Starting at the first line of the entries, extract each line up to and including the one that contains "color=7, linetype='Continuous', lineweight=13)", but leave out the pictures.

- Given records:
⁂

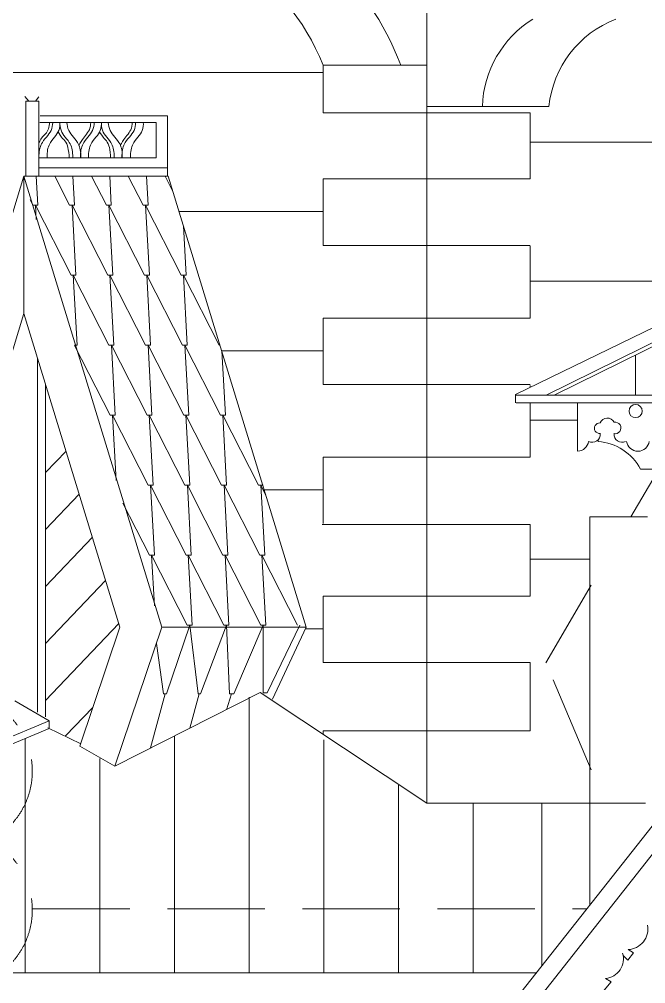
# Model space of a CAD drawing. Header units: millimetres. Extents: x 2399 to 111977, y 1313 to 59551.
# Drawn here: x 70941 to 72755, y 40200 to 42992 of the extents above; entities that cross this region are included whole.
import ezdxf

# ---------------------------------------------------------------- set-up
doc = ezdxf.new("R2010")
doc.units = ezdxf.units.MM
doc.linetypes.add('Невидимая', pattern=[391.222223, 282.222223, -109])
doc.layers.add('hatch1', color=7, linetype='Continuous', lineweight=20, true_color=0x6a6a6a)
doc.layers.add('main line', color=7, linetype='Continuous', lineweight=13)

msp = doc.modelspace()

# ---------------------------------------------------------------- linework, layer by layer
at = {"layer": 'hatch1', "color": 251, "linetype": 'Continuous', "lineweight": 20, "true_color": 0x6a6a6a}
for p, q in [((70989.5678, 42537.3894), (70994.206, 42453.2929)), ((71086.3268, 42453.2929), (71043.4599, 42537.3894)), ((71096.0071, 42537.3894), (71100.6453, 42453.2929)), ((71192.7662, 42453.2929), (71149.8993, 42537.3894)), ((71202.4465, 42537.3894), (71207.0847, 42453.2929)), ((71299.2055, 42453.2929), (71256.3386, 42537.3894)), ((71308.8858, 42537.3894), (71313.524, 42453.2929)), ((71386.1426, 42491.5525), (71362.7779, 42537.3894)), ((70979.8875, 42453.2929), (70971.7675, 42469.2228)), ((70979.8875, 42453.2929), (70994.206, 42453.2929)), ((71090.3444, 42250.6432), (70987.0468, 42453.2929)), ((70987.0468, 42453.2929), (70989.3306, 42411.8842)), ((71086.3268, 42453.2929), (71100.6453, 42453.2929)), ((71196.7838, 42250.6432), (71093.4861, 42453.2929)), ((71093.4861, 42453.2929), (71104.6629, 42250.6432)), ((71192.7662, 42453.2929), (71207.0847, 42453.2929)), ((71303.2231, 42250.6432), (71199.9254, 42453.2929)), ((71199.9254, 42453.2929), (71211.1023, 42250.6432)), ((71299.2055, 42453.2929), (71313.524, 42453.2929)), ((71409.6625, 42250.6432), (71306.3648, 42453.2929)), ((71306.3648, 42453.2929), (71317.5416, 42250.6432)), ((71416.0855, 42393.7973), (71423.981, 42250.6432)), ((71090.3444, 42250.6432), (71104.6629, 42250.6432)), ((71200.0206, 42047.9935), (71096.7229, 42250.6432)), ((71096.7229, 42250.6432), (71107.8998, 42047.9935)), ((71196.7838, 42250.6432), (71211.1023, 42250.6432)), ((71306.4599, 42047.9935), (71203.1622, 42250.6432)), ((71203.1622, 42250.6432), (71214.3391, 42047.9935)), ((71303.2231, 42250.6432), (71317.5416, 42250.6432)), ((71412.8993, 42047.9935), (71309.6016, 42250.6432)), ((71309.6016, 42250.6432), (71320.7784, 42047.9935)), ((71409.6625, 42250.6432), (71423.981, 42250.6432)), ((71519.3386, 42047.9935), (71416.0409, 42250.6432)), ((71416.0409, 42250.6432), (71427.2178, 42047.9935)), ((71100.7922, 42047.9935), (71107.8998, 42047.9935)), ((71204.0382, 41845.3438), (71100.8699, 42047.7396)), ((71200.0206, 42047.9935), (71214.3391, 42047.9935)), ((71310.4775, 41845.3438), (71207.1798, 42047.9935)), ((71207.1798, 42047.9935), (71218.3567, 41845.3438)), ((71306.4599, 42047.9935), (71320.7784, 42047.9935)), ((71416.9169, 41845.3438), (71313.6192, 42047.9935)), ((71313.6192, 42047.9935), (71324.796, 41845.3438)), ((71412.8993, 42047.9935), (71427.2178, 42047.9935)), ((71523.3562, 41845.3438), (71420.0585, 42047.9935)), ((71420.0585, 42047.9935), (71431.2354, 41845.3438)), ((71519.3386, 42047.9935), (71520.9276, 42047.9935)), ((71520.9073, 42048.3622), (71520.9276, 42047.9935)), ((71527.367, 42032.2352), (71537.6747, 41845.3438)), ((71204.0382, 41845.3438), (71218.3567, 41845.3438)), ((71313.7144, 41642.6941), (71210.4167, 41845.3438)), ((71210.4167, 41845.3438), (71220.8592, 41656.0085)), ((71310.4775, 41845.3438), (71324.796, 41845.3438)), ((71420.1537, 41642.6941), (71316.856, 41845.3438)), ((71316.856, 41845.3438), (71328.0328, 41642.6941)), ((71416.9169, 41845.3438), (71431.2354, 41845.3438)), ((71526.593, 41642.6941), (71423.2953, 41845.3438)), ((71423.2953, 41845.3438), (71434.4722, 41642.6941)), ((71523.3562, 41845.3438), (71537.6747, 41845.3438)), ((71633.0324, 41642.6941), (71529.7347, 41845.3438)), ((71529.7347, 41845.3438), (71540.9115, 41642.6941)), ((71313.7144, 41642.6941), (71328.0328, 41642.6941)), ((71424.1713, 41440.0444), (71320.8736, 41642.6941)), ((71320.8736, 41642.6941), (71332.0504, 41440.0444)), ((71420.1537, 41642.6941), (71434.4722, 41642.6941)), ((71530.6106, 41440.0444), (71427.3129, 41642.6941)), ((71427.3129, 41642.6941), (71438.4898, 41440.0444)), ((71526.593, 41642.6941), (71540.9115, 41642.6941)), ((71637.05, 41440.0444), (71533.7523, 41642.6941)), ((71533.7523, 41642.6941), (71544.9291, 41440.0444)), ((71633.0324, 41642.6941), (71647.3509, 41642.6941)), ((71640.1916, 41642.6941), (71651.3685, 41440.0444)), ((71655.1272, 41613.3935), (71640.1916, 41642.6941)), ((71317.732, 41440.0444), (71240.7521, 41591.0638)), ((71317.732, 41440.0444), (71332.0504, 41440.0444)), ((71427.0278, 41237.3947), (71323.7301, 41440.0444)), ((71323.7301, 41440.0444), (71331.7939, 41293.8377)), ((71424.1713, 41440.0444), (71438.4898, 41440.0444)), ((71533.4672, 41237.3947), (71430.1695, 41440.0444)), ((71430.1695, 41440.0444), (71441.3463, 41237.3947)), ((71530.6106, 41440.0444), (71544.9291, 41440.0444)), ((71639.9065, 41237.3947), (71536.6088, 41440.0444)), ((71536.6088, 41440.0444), (71547.7856, 41237.3947)), ((71637.05, 41440.0444), (71651.3685, 41440.0444)), ((71746.3458, 41237.3947), (71643.0481, 41440.0444)), ((71643.0481, 41440.0444), (71654.225, 41237.3947)), ((71434.1871, 41237.3947), (71367.0766, 41038.8841)), ((71427.0278, 41237.3947), (71441.3463, 41237.3947)), ((71434.1871, 41237.3947), (71458.4428, 41038.8841)), ((71540.6264, 41237.3947), (71465.5254, 41038.8841)), ((71533.4672, 41237.3947), (71547.7856, 41237.3947)), ((71549.1007, 41038.8841), (71540.6264, 41237.3947)), ((71647.0657, 41237.3947), (71561.8495, 41038.8841)), ((71639.9065, 41237.3947), (71654.225, 41237.3947)), ((71647.0657, 41237.3947), (71647.0657, 41041.7074)), ((71658.133, 41041.7074), (71753.5051, 41237.3947)), ((71358.5774, 41038.8841), (71337.7992, 41184.7369)), ((71362.827, 41038.8841), (71320.7886, 40881.9947)), ((71461.9841, 41038.8841), (71434.3877, 40939.278)), ((71555.4751, 41038.8841), (71540.7466, 40992.9105))]:
    msp.add_line(p, q, dxfattribs=at)
at = {"layer": 'hatch1', "color": 251, "linetype": 'Невидимая', "lineweight": 20, "true_color": 0x6a6a6a}
msp.add_line((72712.2271, 41550.863), (73256.5941, 42484.1677), dxfattribs=at)
at = {"layer": 'hatch1', "color": 251, "linetype": 'Continuous', "lineweight": 20, "true_color": 0x6a6a6a}
for points, knots in [([(71028.1917, 42693.2187), (71028.1917, 42693.2187), (71028.171, 42685.876), (71026.518, 42678.7817), (71025.1973, 42673.1132), (71022.7453, 42667.7647), (71019.106, 42663.2405), (71015.7123, 42659.0214), (71011.1956, 42655.8416), (71007.6294, 42651.7638), (71000.174, 42643.239), (70997.1138, 42631.9188), (70997.1138, 42631.9188)], [0, 0, 0, 0, 1, 1, 1, 2, 2, 2, 3, 3, 3, 4, 4, 4, 4]), ([(71037.2402, 42693.2187), (71037.2402, 42693.2187), (71037.4397, 42683.9837), (71034.6649, 42675.357), (71032.2728, 42667.9201), (71027.8377, 42661.3524), (71023.0195, 42655.1866), (71017.8073, 42648.5165), (71011.9082, 42642.3672), (71007.3965, 42635.2118), (71004.1481, 42630.06), (71001.7631, 42624.4346), (71000.2006, 42618.5478), (70998.4641, 42612.0048), (70997.7273, 42605.2432), (70997.5495, 42598.4752), (70997.4519, 42594.7563), (70997.5495, 42591.0353), (70997.5495, 42591.0353)], [0, 0, 0, 0, 1, 1, 1, 2, 2, 2, 3, 3, 3, 4, 4, 4, 5, 5, 5, 6, 6, 6, 6]), ([(71058.1461, 42693.2187), (71058.1461, 42693.2187), (71058.8806, 42684.2236), (71056.7548, 42675.6196), (71054.9123, 42668.162), (71051.0569, 42661.3841), (71046.5007, 42655.1866), (71041.4869, 42648.3667), (71035.436, 42642.3388), (71030.8776, 42635.2118), (71027.5956, 42630.0803), (71025.2362, 42624.4387), (71023.6818, 42618.5478), (71021.9547, 42612.0023), (71021.2085, 42605.2432), (71021.0307, 42598.4752), (71020.933, 42594.7563), (71021.0307, 42591.0353), (71021.0307, 42591.0353)], [0, 0, 0, 0, 1, 1, 1, 2, 2, 2, 3, 3, 3, 4, 4, 4, 5, 5, 5, 6, 6, 6, 6]), ([(71058.1461, 42693.2187), (71058.1461, 42693.2187), (71057.9109, 42684.623), (71059.8707, 42676.3527), (71061.6816, 42668.7107), (71065.2487, 42661.5992), (71069.7915, 42655.1866), (71074.6849, 42648.2791), (71080.8254, 42642.3216), (71085.4145, 42635.2118), (71088.7182, 42630.0936), (71091.0601, 42624.4408), (71092.6104, 42618.5478), (71094.3326, 42612.001), (71095.0837, 42605.2432), (71095.2615, 42598.4752), (71095.3592, 42594.7563), (71095.2615, 42591.0353), (71095.2615, 42591.0353)], [0, 0, 0, 0, 1, 1, 1, 2, 2, 2, 3, 3, 3, 4, 4, 4, 5, 5, 5, 6, 6, 6, 6]), ([(71078.1734, 42693.2187), (71078.1734, 42693.2187), (71078.6249, 42683.9744), (71081.6273, 42675.357), (71084.1952, 42667.9866), (71088.4969, 42661.3704), (71093.2727, 42655.1866), (71098.4469, 42648.4868), (71104.3763, 42642.3625), (71108.8957, 42635.2118), (71112.1496, 42630.0635), (71114.5291, 42624.4346), (71116.0915, 42618.5478), (71117.8281, 42612.0048), (71118.5649, 42605.2432), (71118.7426, 42598.4752), (71118.8403, 42594.7563), (71118.7426, 42591.0353), (71118.7426, 42591.0353)], [0, 0, 0, 0, 1, 1, 1, 2, 2, 2, 3, 3, 3, 4, 4, 4, 5, 5, 5, 6, 6, 6, 6]), ([(71147.2616, 42693.2187), (71147.2616, 42693.2187), (71147.8881, 42684.6321), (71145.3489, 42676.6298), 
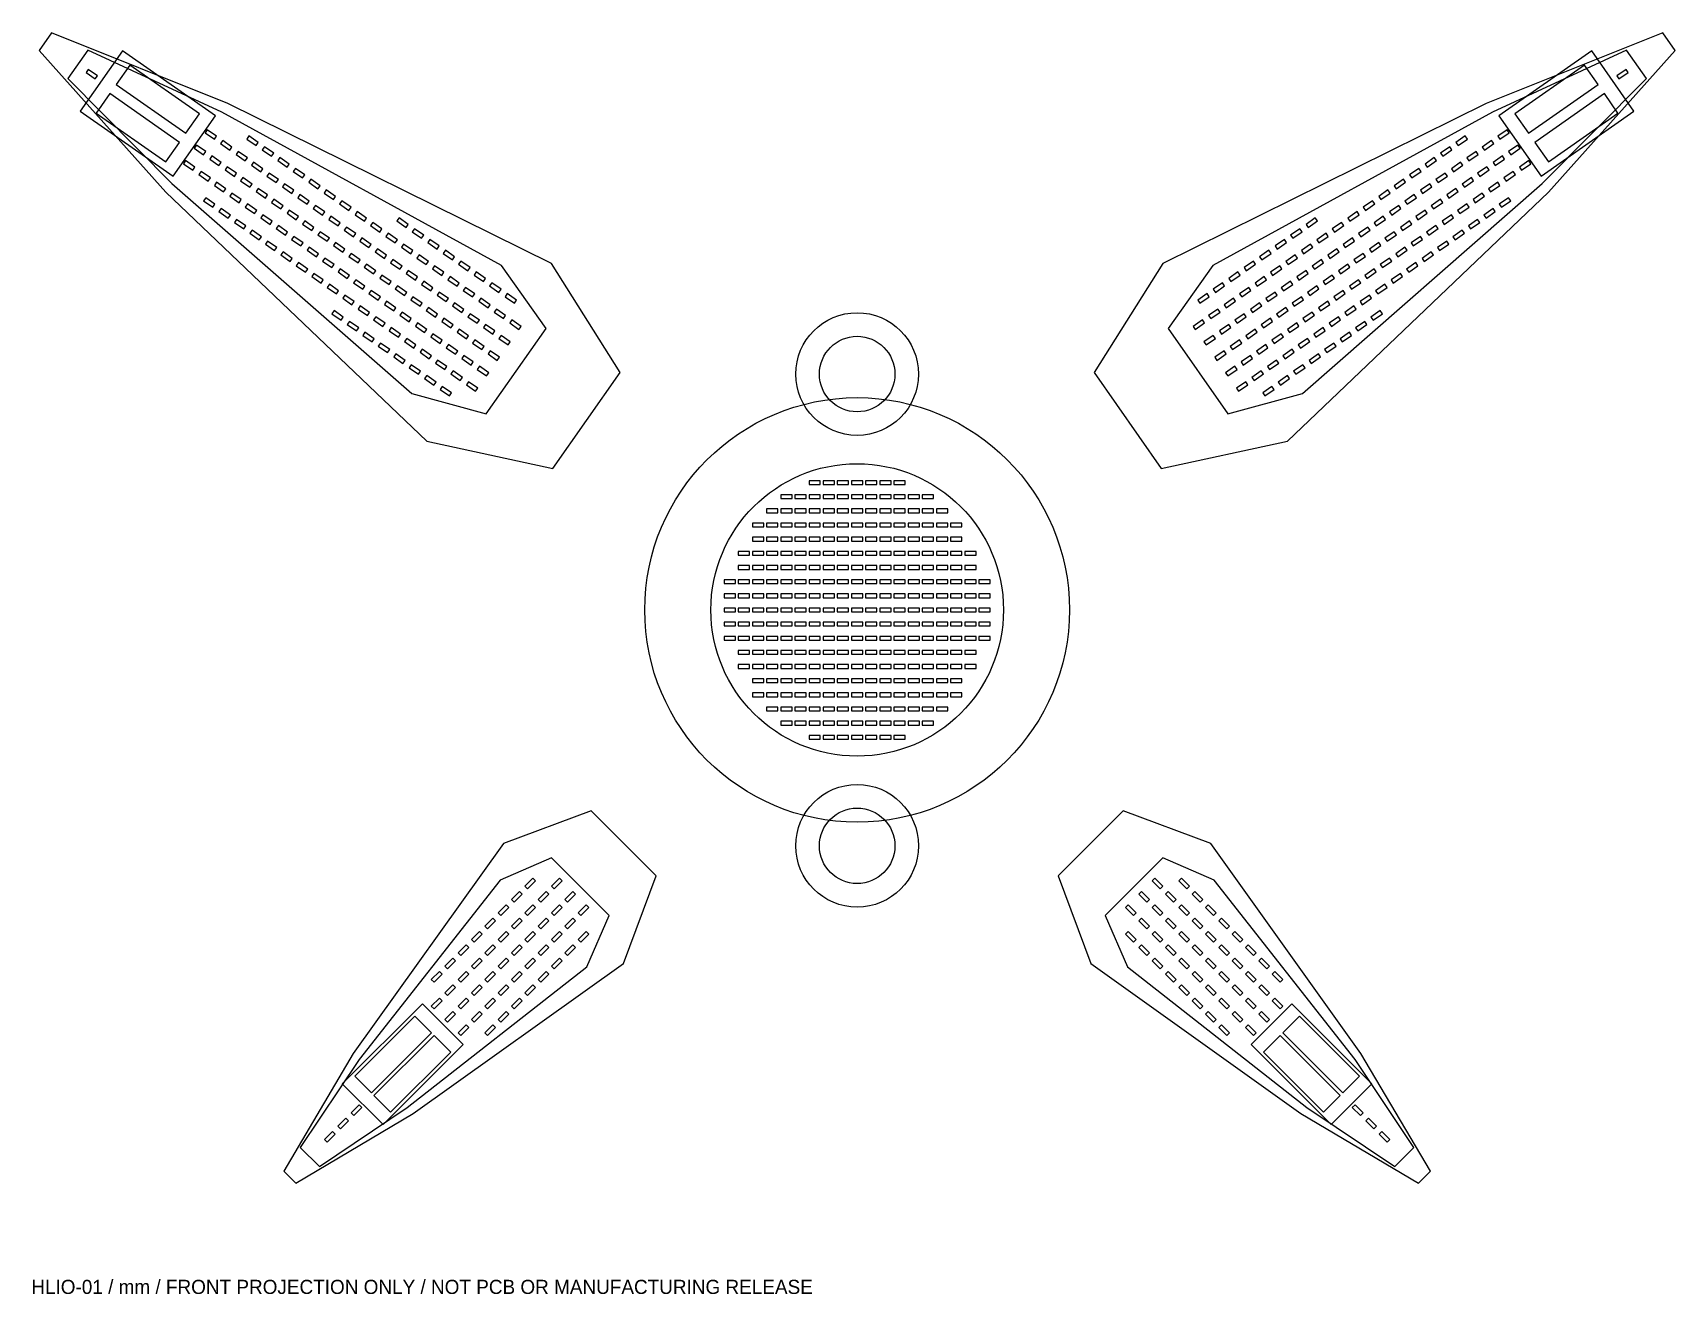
# Model space of a CAD drawing. Header units: millimetres. Extents: x -175 to 173, y -145 to 122.
import ezdxf

# ---------------------------------------------------------------- set-up
doc = ezdxf.new("R2010")
doc.units = ezdxf.units.MM
for name, color, linetype in [('ANNOTATION', 7, 'Continuous'), ('CAMERA_PROXY', 6, 'Continuous'), ('CONTACT_RESERVE', 4, 'Continuous'), ('LED_LAND_ENVELOPE', 2, 'Continuous'), ('PAD', 5, 'Continuous'), ('STRUCTURE', 8, 'Continuous'), ('WINDOW', 3, 'Continuous')]:
    doc.layers.add(name, color=color, linetype=linetype)

msp = doc.modelspace()

# ---------------------------------------------------------------- linework, layer by layer
at = {"layer": 'CAMERA_PROXY'}
for centre, radius in [((0, 50), 13), ((0, 50), 8), ((0, -50), 13), ((0, -50), 8)]:
    msp.add_circle(centre, radius, dxfattribs=at)
at = {"layer": 'CONTACT_RESERVE'}
for points in [[(-135.99, 104.77), (-155.65, 118.53), (-164.62, 105.72), (-144.96, 91.95)], [(144.96, 91.95), (164.62, 105.72), (155.65, 118.53), (135.99, 104.77)], [(-92.13, -83.48), (-109.1, -100.45), (-100.45, -109.1), (-83.48, -92.13)], [(83.48, -92.13), (100.45, -109.1), (109.1, -100.45), (92.13, -83.48)]]:
    msp.add_lwpolyline(points, close=True, dxfattribs=at)
at = {"layer": 'LED_LAND_ENVELOPE'}
for points in [[(-160.98, 113.21), (-162.95, 114.58), (-163.4, 113.93), (-161.44, 112.55)], [(161.44, 112.55), (163.4, 113.93), (162.95, 114.58), (160.98, 113.21)], [(-135.75, 100.42), (-137.72, 101.8), (-138.17, 101.15), (-136.21, 99.77)], [(136.21, 99.77), (138.17, 101.15), (137.72, 101.8), (135.75, 100.42)], [(-138.04, 97.15), (-140.01, 98.52), (-140.47, 97.87), (-138.5, 96.49)], [(-132.47, 98.13), (-134.44, 99.51), (-134.9, 98.85), (-132.93, 97.47)], [(-126.9, 99.11), (-128.87, 100.49), (-129.33, 99.83), (-127.36, 98.46)], [(-123.62, 96.82), (-125.59, 98.19), (-126.05, 97.54), (-124.08, 96.16)], [(124.08, 96.16), (126.05, 97.54), (125.59, 98.19), (123.62, 96.82)], [(127.36, 98.46), (129.33, 99.83), (128.87, 100.49), (126.9, 99.11)], [(132.93, 97.47), (134.9, 98.85), (134.44, 99.51), (132.47, 98.13)], [(138.5, 96.49), (140.47, 97.87), (140.01, 98.52), (138.04, 97.15)], [(-140.34, 93.87), (-142.3, 95.25), (-142.76, 94.59), (-140.8, 93.22)], [(-134.77, 94.85), (-136.73, 96.23), (-137.19, 95.57), (-135.23, 94.2)], [(-129.2, 95.84), (-131.16, 97.21), (-131.62, 96.56), (-129.65, 95.18)], [(-125.92, 93.54), (-127.89, 94.92), (-128.34, 94.26), (-126.38, 92.89)], [(-120.35, 94.52), (-122.31, 95.9), (-122.77, 95.24), (-120.81, 93.87)], [(120.81, 93.87), (122.77, 95.24), (122.31, 95.9), (120.35, 94.52)], [(126.38, 92.89), (128.34, 94.26), (127.89, 94.92), (125.92, 93.54)], [(129.65, 95.18), (131.62, 96.56), (131.16, 97.21), (129.2, 95.84)], [(135.23, 94.2), (137.19, 95.57), (136.73, 96.23), (134.77, 94.85)], [(140.8, 93.22), (142.76, 94.59), (142.3, 95.25), (140.34, 93.87)], [(-137.06, 91.58), (-139.03, 92.95), (-139.49, 92.3), (-137.52, 90.92)], [(-133.78, 89.28), (-135.75, 90.66), (-136.21, 90), (-134.24, 88.63)], [(-131.49, 92.56), (-133.46, 93.94), (-133.92, 93.28), (-131.95, 91.9)], [(-128.21, 90.26), (-130.18, 91.64), (-130.64, 90.99), (-128.67, 89.61)], [(-122.64, 91.25), (-124.61, 92.62), (-125.07, 91.97), (-123.1, 90.59)], [(-117.07, 92.23), (-119.04, 93.61), (-119.5, 92.95), (-117.53, 91.57)], [(-113.8, 89.93), (-115.76, 91.31), (-116.22, 90.66), (-114.25, 89.28)], [(114.25, 89.28), (116.22, 90.66), (115.76, 91.31), (113.8, 89.93)], [(117.53, 91.57), (119.5, 92.95), (119.04, 93.61), (117.07, 92.23)], [(123.1, 90.59), (125.07, 91.97), (124.61, 92.62), (122.64, 91.25)], [(128.67, 89.61), (130.64, 90.99), (130.18, 91.64), (128.21, 90.26)], [(131.95, 91.9), (133.92, 93.28), (133.46, 93.94), (131.49, 92.56)], [(134.24, 88.63), (136.21, 90), (135.75, 90.66), (133.78, 89.28)], [(137.52, 90.92), (139.49, 92.3), (139.03, 92.95), (137.06, 91.58)], [(-136.08, 86.01), (-138.04, 87.38), (-138.5, 86.73), (-136.54, 85.35)], [(-130.51, 86.99), (-132.47, 88.36), (-132.93, 87.71), (-130.97, 86.33)], [(-124.94, 87.97), (-126.9, 89.35), (-127.36, 88.69), (-125.4, 87.31)], [(-121.66, 85.68), (-123.63, 87.05), (-124.09, 86.4), (-122.12, 85.02)], [(-119.37, 88.95), (-121.33, 90.33), (-121.79, 89.67), (-119.82, 88.3)], [(-116.09, 86.66), (-118.06, 88.03), (-118.51, 87.38), (-116.55, 86)], [(-110.52, 87.64), (-112.48, 89.02), (-112.94, 88.36), (-110.98, 86.99)], [(110.98, 86.99), (112.94, 88.36), (112.48, 89.02), (110.52, 87.64)], [(116.55, 86), (118.51, 87.38), (118.06, 88.03), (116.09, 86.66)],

⁂

- Solved problem:
# Model space of a CAD drawing. Header units: millimetres. Extents: x 2399 to 111977, y 1313 to 59551.
# Drawn here: x 70941 to 72755, y 40200 to 42992 of the extents above; entities that cross this region are included whole.
import ezdxf

# ---------------------------------------------------------------- set-up
doc = ezdxf.new("R2010")
doc.units = ezdxf.units.MM
doc.linetypes.add('Невидимая', pattern=[391.222223, 282.222223, -109])
doc.layers.add('hatch1', color=7, linetype='Continuous', lineweight=20, true_color=0x6a6a6a)
doc.layers.add('main line', color=7, linetype='Continuous', lineweight=13)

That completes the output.